I was recently tasked with finding a NodeJS memory leak, and fixing it of course. Diving into the deep inner workings of a managed language is always difficult because we’re used to not having to deal with it. So here’s how I approached it.
I always stress the fact that teams should be able to run their applications locally. I would think this is a no-brainer these days, but I still encounter teams where running locally is difficult or impossible. Luckily, our application could be run locally. It’s a Serverless application that we run on AWS Lambda, and with the serverless-offline package, we could run it with the following (redacted) command:
node --inspect ./node_modules/serverless/bin/serverless offline start -r eu-west-1 --stage dev
The important part is the
--inspect flag. It means we can attach an inspector to look at our memory.
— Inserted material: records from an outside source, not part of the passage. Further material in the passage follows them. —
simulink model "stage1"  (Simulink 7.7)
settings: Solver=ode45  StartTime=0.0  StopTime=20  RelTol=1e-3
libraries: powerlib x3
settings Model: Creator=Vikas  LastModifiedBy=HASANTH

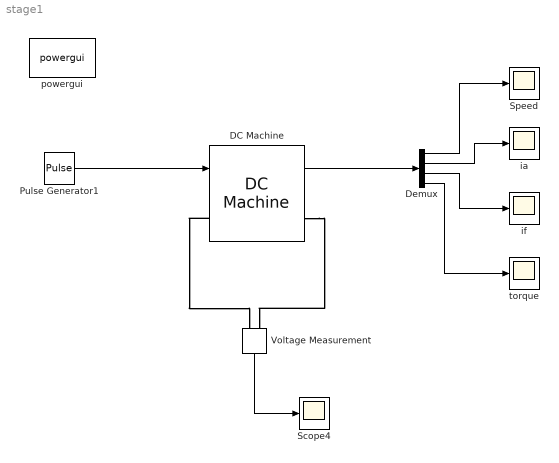
== system stage1 ==
  DC Machine : powerlib/Machines/DC Machine  SystemSampleTime=-1  PresetModel=No  MechanicalLoad=Speed w  FieldType=Permanent magnet  ShowDetailedParameters=on  RLa="[ 1  0.012]"  RLf="[ 240  120]"  Laf=1.8  MachineConstant=Back-emf constant (V/rpm)  Ke=3  Kt=3.18  J=1  Bm=0  Tf=0  w0=1  Ifinit=1  TsPowergui=0  TsBlock=-1
      settings: AttributesFormatString=\n
  Demux : Demux
  Pulse Generator1 : DiscretePulseGenerator  PulseType=Time based  Amplitude=5.4  Period=10  PulseWidth=50
  Scope4 : Scope
      settings: TimeRange=1  YMin=-15  YMax=30  SaveName=ScopeData4
  Speed : Scope
  Voltage Measurement : powerlib/Measurements/Voltage Measurement  SystemSampleTime=-1  PhasorSimulation=off  OutputType=Complex  PSBequivalent=0
  ia : Scope
  if : Scope
      settings: SaveName=ScopeData2
  powergui : powerlib/powergui  Priority=1  SystemSampleTime=-1  SimulationMode=Continuous  SampleTime=50e-6  frequency=60  SPID=off  DisableSnubberDevices=off  DisableRonSwitches=off  DisableVfSwitches=off  SwTol=0  Interpol=off  DisplayEquations=off  FunctionMessages=off  frequencyindice=0  Pbase=100e6  ErrMax=1e-4  Iterations=50  UnitsV=kV  UnitsW=MW  echomessages=off  HookPort=off  EnableUseOfTLC=off  x0status=blocks  RestoreLinks=warning  ResistiveCurrentMeasurement=off  Ylog=off  Xlog=on  ShowGrid=off  save=off  variable=ZData  ZoomFFT=off  StartTime=0.0  cycles=1  DisplayStyle=1  FreqAxis=off  MaxFrequency=1000  frequencyindicesteady=1  display=off  methode=off
  torque : Scope
      settings: SaveName=ScopeData3
  wires:
  DC Machine/1 -> Demux/1
  Demux/1 -> Speed/1
  Demux/2 -> ia/1
  Demux/3 -> if/1
  Demux/4 -> torque/1
  Voltage Measurement/1 -> Scope4/1
  Pulse Generator1/1 -> DC Machine/1
  connections:
  DC Machine/LConn1 -- Voltage Measurement/LConn1
  DC Machine/RConn1 -- Voltage Measurement/LConn2

Next I opened a Chromium-based browser (Edge in my case) and went to the Inspection screen by navigating to
edge://inspect (chrome://inspect for Chrome). It has a “Memory” tab which is what I needed:
In this tab, you can see the current memory usage, but it’s the “Take Snapshot” at the bottom that is useful. I took a snapshot and then used my application heavily (using a Postman collection to hammer it with HTTP requests).
After a while, I took a second snapshot.
You can select the second snapshot and then use the dropdown to compare it with the first one:
I could see that it was the
require-from-string package loading these string. I saw a lot of other duplicate string that were referenced by
GC roots which I believe isn’t an issue because that’s the garbage collector (let me know if I’m wrong and it is a problem).
Fixing The Issue
We were using an older version of this package and the newer one contains a fix for this issue. So this time I was lucky and just had to update the package.
Verifying The Results
The real test is to see how this affects the production environment. Of course, we deployed to non-production environments first and things looked good there, without any regression bugs.
This is what the memory usage looked like in production:
The significant drop might be attributed to cold starts, but the fact that the memory usage stays lower is a good sign.
We also saw a drop in our P99 latency (the orange line):
So what have I learned?
Analyzing NodeJS (or V8) memory dumps is complex. But if you can set up your application to run locally and have a suite of requests you can launch, you should be able to create useful heap dumps. Then it takes a little digging and scrolling, but you should be able to find the variables that are building up without being collected by the garbage collector.
Another takeaway is that this proves why we need to keep our dependencies up to date. The update contained a fix. But what’s more: the longer we wait to update dependencies, the harder it becomes because of breaking changes.
Good luck finding those memory leaks!